La Corte di Cassazione è intervenuta in materia di divorzio, con particolare riferimento all’assegnazione della casa familiare. Con la sentenza n. 3302 del 12 febbraio scorso, la sesta sezione civile della Suprema Corte ha affermato che l’assegnazione dell’abitazione coniugale all’ex coniuge che abitava l’immobile in forza di un contratto di comodato, è opponibile anche ai proprietari dell’immobile stesso, qualora sussistano i presupposti per l’assegnazione stessa. Ciò vale anche nell’ipotesi in cui il coniuge non sia affidatario; occorre comunque che l’abitazione costituisse la casa in cui la famiglia aveva posto la propria residenza. In tali circostanze, l’assegnazione può essere opposta sia ai terzi che ai proprietari.

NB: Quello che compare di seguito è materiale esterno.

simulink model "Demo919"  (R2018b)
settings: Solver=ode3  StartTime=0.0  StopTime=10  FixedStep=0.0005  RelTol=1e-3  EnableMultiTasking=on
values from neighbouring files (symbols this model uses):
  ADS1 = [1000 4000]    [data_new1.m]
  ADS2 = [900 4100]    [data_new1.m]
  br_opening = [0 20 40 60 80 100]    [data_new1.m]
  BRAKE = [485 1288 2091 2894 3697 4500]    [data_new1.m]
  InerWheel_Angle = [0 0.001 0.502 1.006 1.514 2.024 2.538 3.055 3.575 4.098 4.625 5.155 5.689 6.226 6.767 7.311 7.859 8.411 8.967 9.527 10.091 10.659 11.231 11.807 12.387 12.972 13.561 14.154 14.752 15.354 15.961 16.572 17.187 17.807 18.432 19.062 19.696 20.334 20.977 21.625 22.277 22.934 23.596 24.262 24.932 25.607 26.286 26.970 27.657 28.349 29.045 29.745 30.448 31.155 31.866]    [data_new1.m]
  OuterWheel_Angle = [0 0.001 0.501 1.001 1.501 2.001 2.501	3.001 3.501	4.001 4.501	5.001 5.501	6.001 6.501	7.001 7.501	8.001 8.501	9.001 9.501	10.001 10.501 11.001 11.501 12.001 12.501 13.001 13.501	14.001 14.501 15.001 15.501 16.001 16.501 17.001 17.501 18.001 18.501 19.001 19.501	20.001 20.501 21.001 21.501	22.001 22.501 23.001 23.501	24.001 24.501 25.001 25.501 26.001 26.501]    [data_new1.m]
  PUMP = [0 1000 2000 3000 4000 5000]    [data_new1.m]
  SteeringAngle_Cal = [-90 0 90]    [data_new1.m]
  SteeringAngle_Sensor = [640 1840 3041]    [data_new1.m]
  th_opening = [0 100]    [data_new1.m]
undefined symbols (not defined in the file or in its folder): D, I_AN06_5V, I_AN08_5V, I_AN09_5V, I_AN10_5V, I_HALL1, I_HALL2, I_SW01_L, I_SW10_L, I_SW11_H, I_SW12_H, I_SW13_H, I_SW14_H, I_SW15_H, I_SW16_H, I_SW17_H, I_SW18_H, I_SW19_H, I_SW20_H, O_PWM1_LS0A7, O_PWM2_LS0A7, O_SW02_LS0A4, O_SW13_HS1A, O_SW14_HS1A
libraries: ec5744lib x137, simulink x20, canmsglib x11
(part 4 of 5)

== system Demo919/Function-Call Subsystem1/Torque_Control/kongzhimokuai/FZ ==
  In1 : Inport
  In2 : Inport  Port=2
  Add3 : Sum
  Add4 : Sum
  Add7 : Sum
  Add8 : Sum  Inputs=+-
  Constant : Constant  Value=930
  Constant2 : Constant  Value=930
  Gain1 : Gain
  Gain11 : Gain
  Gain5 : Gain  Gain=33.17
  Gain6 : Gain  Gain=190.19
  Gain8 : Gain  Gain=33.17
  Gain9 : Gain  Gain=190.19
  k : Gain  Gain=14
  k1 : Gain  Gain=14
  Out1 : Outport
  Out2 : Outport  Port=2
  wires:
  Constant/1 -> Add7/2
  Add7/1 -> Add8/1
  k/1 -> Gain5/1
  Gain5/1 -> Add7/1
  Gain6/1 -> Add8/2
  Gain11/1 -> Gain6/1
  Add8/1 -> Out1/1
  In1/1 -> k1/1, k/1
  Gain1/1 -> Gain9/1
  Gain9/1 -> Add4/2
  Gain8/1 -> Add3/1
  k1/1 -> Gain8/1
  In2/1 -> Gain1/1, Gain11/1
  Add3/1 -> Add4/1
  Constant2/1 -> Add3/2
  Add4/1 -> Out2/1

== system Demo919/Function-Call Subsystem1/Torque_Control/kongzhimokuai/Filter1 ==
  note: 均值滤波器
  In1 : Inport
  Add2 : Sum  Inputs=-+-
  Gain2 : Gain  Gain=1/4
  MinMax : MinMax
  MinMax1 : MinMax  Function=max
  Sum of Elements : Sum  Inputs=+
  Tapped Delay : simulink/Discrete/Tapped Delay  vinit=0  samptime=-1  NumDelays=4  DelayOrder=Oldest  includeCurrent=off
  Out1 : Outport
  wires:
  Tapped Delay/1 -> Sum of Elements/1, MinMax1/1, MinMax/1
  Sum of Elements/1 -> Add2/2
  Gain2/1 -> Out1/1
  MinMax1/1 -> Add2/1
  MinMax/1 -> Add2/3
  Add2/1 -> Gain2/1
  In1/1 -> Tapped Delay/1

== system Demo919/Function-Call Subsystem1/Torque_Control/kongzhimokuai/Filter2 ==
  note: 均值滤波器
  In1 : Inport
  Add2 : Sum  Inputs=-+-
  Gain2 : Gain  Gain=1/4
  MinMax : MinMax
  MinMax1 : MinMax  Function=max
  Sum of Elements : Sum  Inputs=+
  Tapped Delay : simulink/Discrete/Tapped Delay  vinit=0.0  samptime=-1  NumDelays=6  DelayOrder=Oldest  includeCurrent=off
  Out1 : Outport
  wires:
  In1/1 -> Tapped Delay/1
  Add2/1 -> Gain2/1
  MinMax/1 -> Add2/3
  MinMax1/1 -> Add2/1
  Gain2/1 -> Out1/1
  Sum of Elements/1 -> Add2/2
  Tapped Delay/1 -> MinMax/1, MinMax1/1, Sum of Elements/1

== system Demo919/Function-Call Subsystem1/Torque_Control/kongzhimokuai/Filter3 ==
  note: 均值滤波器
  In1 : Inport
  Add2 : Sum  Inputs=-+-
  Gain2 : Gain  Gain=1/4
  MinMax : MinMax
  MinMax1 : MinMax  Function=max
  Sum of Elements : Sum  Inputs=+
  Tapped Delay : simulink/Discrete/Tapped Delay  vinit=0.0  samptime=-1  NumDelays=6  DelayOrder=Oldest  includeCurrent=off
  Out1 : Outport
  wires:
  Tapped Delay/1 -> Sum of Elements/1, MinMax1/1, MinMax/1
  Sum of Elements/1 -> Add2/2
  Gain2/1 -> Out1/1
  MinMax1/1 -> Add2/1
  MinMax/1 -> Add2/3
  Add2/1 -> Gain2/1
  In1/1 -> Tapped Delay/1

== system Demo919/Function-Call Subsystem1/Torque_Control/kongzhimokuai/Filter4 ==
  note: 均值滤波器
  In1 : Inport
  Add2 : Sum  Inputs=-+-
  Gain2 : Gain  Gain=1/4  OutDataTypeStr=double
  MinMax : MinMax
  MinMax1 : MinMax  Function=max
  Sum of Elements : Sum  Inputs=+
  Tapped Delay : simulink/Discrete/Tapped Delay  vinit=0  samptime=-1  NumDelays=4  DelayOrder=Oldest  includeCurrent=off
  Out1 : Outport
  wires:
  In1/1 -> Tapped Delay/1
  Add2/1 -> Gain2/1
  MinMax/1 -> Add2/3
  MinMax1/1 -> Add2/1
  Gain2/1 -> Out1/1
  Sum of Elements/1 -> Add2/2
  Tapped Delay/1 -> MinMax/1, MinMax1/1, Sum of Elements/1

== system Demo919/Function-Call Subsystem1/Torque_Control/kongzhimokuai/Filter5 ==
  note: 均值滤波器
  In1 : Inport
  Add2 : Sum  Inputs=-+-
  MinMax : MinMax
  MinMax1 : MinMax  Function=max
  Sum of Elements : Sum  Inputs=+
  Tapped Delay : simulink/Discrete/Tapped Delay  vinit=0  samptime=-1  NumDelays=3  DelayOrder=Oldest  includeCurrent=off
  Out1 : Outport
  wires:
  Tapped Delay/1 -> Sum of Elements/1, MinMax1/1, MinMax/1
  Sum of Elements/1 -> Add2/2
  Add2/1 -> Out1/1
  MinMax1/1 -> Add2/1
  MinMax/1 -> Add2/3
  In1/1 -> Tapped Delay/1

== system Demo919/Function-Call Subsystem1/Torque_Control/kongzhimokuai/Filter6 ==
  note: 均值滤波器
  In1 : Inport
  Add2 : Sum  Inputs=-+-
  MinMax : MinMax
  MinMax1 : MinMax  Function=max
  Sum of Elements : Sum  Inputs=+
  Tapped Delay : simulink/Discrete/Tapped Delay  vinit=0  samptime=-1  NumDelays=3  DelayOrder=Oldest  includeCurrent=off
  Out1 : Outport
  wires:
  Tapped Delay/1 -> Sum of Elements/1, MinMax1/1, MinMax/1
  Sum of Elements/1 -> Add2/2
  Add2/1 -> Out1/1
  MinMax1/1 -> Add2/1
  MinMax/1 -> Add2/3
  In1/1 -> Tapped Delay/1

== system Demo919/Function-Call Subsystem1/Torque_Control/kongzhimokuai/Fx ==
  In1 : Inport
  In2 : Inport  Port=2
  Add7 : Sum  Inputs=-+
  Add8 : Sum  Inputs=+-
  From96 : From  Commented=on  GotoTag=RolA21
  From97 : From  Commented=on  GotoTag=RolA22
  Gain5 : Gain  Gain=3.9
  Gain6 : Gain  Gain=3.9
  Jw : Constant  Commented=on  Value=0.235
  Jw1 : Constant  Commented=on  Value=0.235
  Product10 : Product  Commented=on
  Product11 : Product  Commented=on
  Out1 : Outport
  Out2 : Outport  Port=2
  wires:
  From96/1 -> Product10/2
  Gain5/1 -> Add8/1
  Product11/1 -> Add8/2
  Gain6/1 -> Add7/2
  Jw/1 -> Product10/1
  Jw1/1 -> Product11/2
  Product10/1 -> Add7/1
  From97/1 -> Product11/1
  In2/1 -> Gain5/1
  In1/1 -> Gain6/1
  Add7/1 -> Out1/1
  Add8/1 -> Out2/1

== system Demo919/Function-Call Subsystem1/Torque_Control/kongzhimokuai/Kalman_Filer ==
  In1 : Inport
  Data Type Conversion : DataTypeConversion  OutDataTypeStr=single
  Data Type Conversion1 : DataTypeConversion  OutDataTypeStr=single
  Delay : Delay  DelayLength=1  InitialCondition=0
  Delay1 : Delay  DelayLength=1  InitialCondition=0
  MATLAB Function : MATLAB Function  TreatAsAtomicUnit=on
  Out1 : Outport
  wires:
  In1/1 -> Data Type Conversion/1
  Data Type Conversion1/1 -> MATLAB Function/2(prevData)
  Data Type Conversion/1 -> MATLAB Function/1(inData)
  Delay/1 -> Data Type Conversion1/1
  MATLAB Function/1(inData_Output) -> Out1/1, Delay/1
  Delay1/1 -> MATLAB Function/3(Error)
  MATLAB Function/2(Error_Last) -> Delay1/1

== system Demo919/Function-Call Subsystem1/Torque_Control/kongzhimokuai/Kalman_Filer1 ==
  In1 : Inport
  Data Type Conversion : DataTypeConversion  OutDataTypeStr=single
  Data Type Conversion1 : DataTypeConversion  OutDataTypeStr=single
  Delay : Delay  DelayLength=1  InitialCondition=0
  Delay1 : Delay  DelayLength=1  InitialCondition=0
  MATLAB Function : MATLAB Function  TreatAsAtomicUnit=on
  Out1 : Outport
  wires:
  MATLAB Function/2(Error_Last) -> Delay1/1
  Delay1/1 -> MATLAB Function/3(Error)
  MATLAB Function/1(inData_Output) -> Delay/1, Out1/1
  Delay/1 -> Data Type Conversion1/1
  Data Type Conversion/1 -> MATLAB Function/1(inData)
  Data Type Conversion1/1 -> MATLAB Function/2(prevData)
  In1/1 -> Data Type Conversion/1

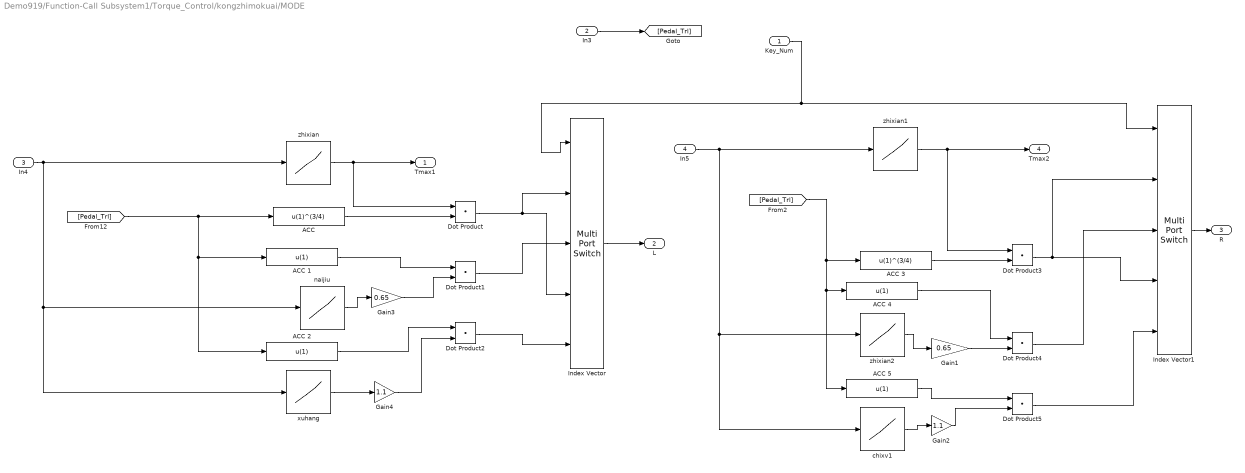
== system Demo919/Function-Call Subsystem1/Torque_Control/kongzhimokuai/MODE ==
  Key_Num : Inport
  In3 : Inport  Port=2
  In4 : Inport  Port=3
  In5 : Inport  Port=4
  "ACC " : Fcn  Expr=u(1)^(3/4)
  ACC {1..2,4..5} (4 alike) : Fcn  Expr=u(1)
  ACC 3 : Fcn  Expr=u(1)^(3/4)
  Dot Product{,1..5} (6 alike) : DotProduct  InputSameDT=on  OutDataTypeStr=Inherit: Inherit via internal rule
  Gain1 : Gain  Gain=0.65
  Gain2 : Gain  Gain=1.1
  Gain3 : Gain  Gain=0.65
  Gain4 : Gain  Gain=1.1
  Index Vector : MultiPortSwitch  DataPortOrder=Zero-based contiguous  Inputs=4  DiagnosticForDefault=None  zeroidx=on
  Index Vector1 : MultiPortSwitch  DataPortOrder=Zero-based contiguous  Inputs=4  DiagnosticForDefault=None  zeroidx=on
  chixv1 : Lookup_n-D  NumberOfTableDimensions=1  BreakpointsForDimension1=|  Table=|  InternalRulePriority=Speed  RndMeth=Simplest  InputSameDT=on
      BreakpointsForDimension1=|
      | [0
      | 44.6408100000000
      | 91.0709300000000
      | 138.722890000000
      | 182.709320000000
      | 229.139430000000
      | 274.347700000000
      | 321.999660000000
      | 364.764240000000
      | 411.194360000000
      | 460.068160000000
      | 504.054590000000
      | 550.484700000000
      | 596.914820000000
      | 640.901240000000
      | 687.331360000000
      | 732.539630000000
      | 780.191590000000
      | 822.956170000000
      | 871.829970000000
      | 918.260090000000
      | 964.690200000000
      | 1009.89847000000
      | 1053.88490000000
      | 1101.53686000000
      | 1149.18882000000
      | 1195.61894000000
      | 1239.60536000000
      | 1286.03548000000
      | 1333.68744000000
      | 1380.11755000000
      | 1425.32582000000
      | 1471.75594000000
      | 1516.96421000000
      | 1560.95063000000
      | 1608.60259000000
      | 1655.03271000000
      | 1701.46282000000
      | 1745.44925000000
      | 1791.87936000000
      | 1839.53132000000
      | 1885.96144000000
      | 1933.61340000000
      | 1977.59982000000
      | 2025.25178000000
      | 2071.68190000000
      | 2114.44648000000
      | 2163.32029000000
      | 2207.30671000000
      | 2253.73683000000
      | 2302.61063000000
      | 2346.59706000000
      | 2394.24902000000
      | 2439.45729000000
      | 2485.88740000000
      | 2531.09567000000
      | 2581.19132000000
      | 2626.39959000000
      | 2671.60786000000
      | 2718.03798000000
      | 2763.24625000000
      | 2809.67636000000
      | 2853.66279000000
      | 2898.87106000000
      | 2946.52302000000
      | 2994.17498000000
      | 3039.38325000000
      | 3085.81337000000
      | 3132.24348000000
      | 3178.67360000000
      | 3223.88187000000
      | 3270.31198000000
      | 3317.96394000000
      | 3363.17221000000
      | 3408.38048000000
      | 3453.58875000000
      | 3501.24071000000
      | 3546.44898000000
      | 3592.87910000000
      | 3639.30921000000
      | 3684.51748000000
      | 3729.72575000000
      | 3777.37771000000
      | 3822.58598000000
      | 3869.01610000000
      | 3915.44621000000
      | 3961.87633000000
      | 4008.30645000000
      | 4054.73656000000
      | 4101.16668000000
      | 4145.15310000000
      | 4192.80506000000
      | 4236.79149000000
      | 4285.66529000000
      | 4330.87356000000
      | 4374.85999000000
      | 4420.06826000000
      | 4466.49837000000
      | 4514.15033000000
      | 4559.35860000000
      | 4605.78872000000
      | 4650.99699000000
      | 4698.64895000000
      | 4743.85722000000
      | 4791.50918000000
      | 4834.27376000000
      | 4879.48203000000
      | 4925.91214000000
      | 4971.12041000000
      | 5019.99422000000
      | 5063.98065000000
      | 5112.85445000000
      | 5158.06272000000
      | 5202.04915000000
      | 5248.47926000000
      | 5294.90938000000
      | 5341.33949000000
      | 5388.99145000000
      | 5431.75603000000
      | 5478.18615000000
      | 5525.83811000000
      | 5569.82453000000
      | 5615.03280000000
      | 5662.68476000000
      | 5710.33672000000
      | 5753.10130000000
      | 5800.75326000000
      | 5848.40522000000
      | 5892.39165000000
      | 5938.82176000000
      | 6000]
      Table=|
      | [59.7747300000000
      | 59.9709300000000
      | 60.1671300000000
      | 60.4287400000000
      | 60.6249400000000
      | 60.8865500000000
      | 61.2135500000000
      | 61.4097600000000
      | 61.6059600000000
      | 61.8675700000000
      | 62.1945700000000
      | 62.3907800000000
      | 62.6523800000000
      | 62.9139900000000
      | 63.0447900000000
      | 63.2409900000000
      | 63.5680000000000
      | 63.7642000000000
      | 63.9604100000000
      | 64.2220100000000
      | 64.4182200000000
      | 64.6144200000000
      | 64.8106200000000
      | 64.9414300000000
      | 65.0068300000000
      | 65.2030300000000
      | 65.3338300000000
      | 65.4646400000000
      | 65.5300400000000
      | 65.6608400000000
      | 65.7916400000000
      | 65.9224400000000
      | 66.0532500000000
      | 66.1840500000000
      | 66.1840500000000
      | 66.2494500000000
      | 66.2494500000000
      | 66.2494500000000
      | 66.3802500000000
      | 66.4456500000000
      | 66.5764600000000
      | 66.7072600000000
      | 66.7072600000000
      | 66.7072600000000
      | 66.7072600000000
      | 66.7726600000000
      | 66.7726600000000
      | 66.8380600000000
      | 66.8380600000000
      | 66.9034600000000
      | 66.9688600000000
      | 66.9034600000000
      | 66.9034600000000
      | 66.9034600000000
      | 66.9688600000000
      | 67.0342700000000
      | 66.9688600000000
      | 66.9034600000000
      | 66.8380600000000
      | 66.7726600000000
      | 66.7072600000000
      | 66.7072600000000
      | 66.7072600000000
      | 66.7072600000000
      | 66.7072600000000
      | 66.6418600000000
      | 66.6418600000000
      | 66.6418600000000
      | 66.5764600000000
      | 66.5110600000000
      | 66.3802500000000
      | 66.2494500000000
      | 66.1840500000000
      | 66.1840500000000
      | 66.0532500000000
      | 66.0532500000000
      | 65.9878500000000
      | 65.8570400000000
      | 65.7262400000000
      | 65.6608400000000
      | 65.5954400000000
      | 65.4646400000000
      | 65.3992300000000
      | 65.2030300000000
      | 65.0722300000000
      | 64.9414300000000
      | 64.8106200000000
      | 64.6144200000000
      | 64.4836200000000
      | 64.3528100000000
      | 64.1566100000000
      | 63.8950100000000
      | 63.6334000000000
      | 63.5026000000000
      | 63.3063900000000
      | 63.0447900000000
      | 62.7831800000000
      | 62.4561800000000
      | 62.2599700000000
      | 62.0637700000000
      | 61.8021600000000
      | 61.6713600000000
      | 61.3443600000000
      | 61.1481500000000
      | 60.8211500000000
      | 60.5595400000000
      | 60.3633400000000
      | 60.1017300000000
      | 59.9055300000000
      | 59.5785200000000
      | 59.3823200000000
      | 59.1861100000000
      | 58.9899100000000
      | 58.7283100000000
      | 58.4667000000000
      | 58.2705000000000
      | 57.9434900000000
      | 57.6818900000000
      | 57.4856800000000
      | 57.3548800000000
      | 57.0932700000000
      | 56.8970700000000
      | 56.5046600000000
      | 56.2430600000000
      | 56.0468500000000
      | 55.9160500000000
      | 55.7852500000000
      | 55.5236400000000
      | 55.1966400000000
      | 54.9350300000000
      | 54.8042300000000]
  naijiu : Lookup_n-D  NumberOfTableDimensions=1  BreakpointsForDimension1=[0,45.86266,89.84908,137.50104,183.93116,230.36128,276.79139,321.99966,368.42978,413.63805,458.84632,506.49828,552.92839,598.13666,644.56678,690.99689,736.20516,785.07897,830.28724,876.71735,921.92562,969.57758,1014.78585,1061.21597,1106.42424,1154.0762,1198.06263,1244.49274,1292.1447,1337.35297,1383.78309,1431.43505,1476.64332,1521.85159,1570.72539,1613.48997,1662.36378,1705.12836,1752.78032,1800.43228,1846.86239,1892.07066,1937.27893,1983.70905,2028.91732,2075.34744,2122.9994,2166.98582,2214.63778,2261.0679,2306.27617,2353.92813,2397.91455,2444.34467,2490.77478,2535.98305,2583.63501,2630.06513,2676.49524,2721.70351,2766.91178,2814.56374,2858.55017,2906.20213,2951.4104,2999.06236,3045.49248,3090.70075,3137.13086,3183.56098,3228.76925,3275.19936,3322.85132,3366.83775,3412.04602,3459.69798,3506.12809,3553.78005,3600.21017,3641.7529,3690.62671,3735.83498,3782.26509,3828.69521,3873.90348,3920.3336,3965.54187,4011.97198,4058.4021,4104.83221,4151.26233,4197.69244,4242.90071,4290.55267,4332.09541,4379.74737,4427.39933,4471.38575,4519.03771,4561.80229,4609.45425,4655.88437,4701.09264,4747.52275,4791.50918,4836.71745,4881.92572,4928.35583,4973.56411,5019.99422,5065.20249,5110.41076,5155.61903,5198.38361,5244.81373,5290.022,5335.23027,5380.43854,5424.42496,5468.41139,5513.61966,5557.60608,5602.81435,5646.80078,5693.23089,5735.99547,5782.42559,5826.41201,5871.62028,5918.0504,6000]  Table=|  InternalRulePriority=Speed  RndMeth=Simplest  InputSameDT=on
      | [140
      | 139.695060000000
      | 139.695060000000
      | 139.629660000000
      | 139.564260000000
      | 139.498860000000
      | 139.433460000000
      | 139.368060000000
      | 139.302660000000
      | 139.237260000000
      | 139.171850000000
      | 139.171850000000
      | 139.171850000000
      | 139.106450000000
      | 139.041050000000
      | 139.041050000000
      | 138.975650000000
      | 138.975650000000
      | 138.779450000000
      | 138.779450000000
      | 138.714050000000
      | 138.648640000000
      | 138.517840000000
      | 138.452440000000
      | 138.517840000000
      | 138.517840000000
      | 138.452440000000
      | 138.452440000000
      | 138.387040000000
      | 138.321640000000
      | 138.321640000000
      | 138.256240000000
      | 138.190840000000
      | 138.060030000000
      | 138.060030000000
      | 138.060030000000
      | 137.994630000000
      | 137.929230000000
      | 137.929230000000
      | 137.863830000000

Nel caso di specie, i genitori dell’ex marito citavano in giudizio l’ex nuora, residente nell’immobile di loro proprietà, affermando che la stessa non aveva alcun valido titolo per continuare a risiedere nella loro casa. Invero, i due avrebbero concesso l’abitazione al proprio figlio per ragioni lavorative e non per stabilirvi la residenza della propria famiglia. In altre parole, non si trattava di casa familiare.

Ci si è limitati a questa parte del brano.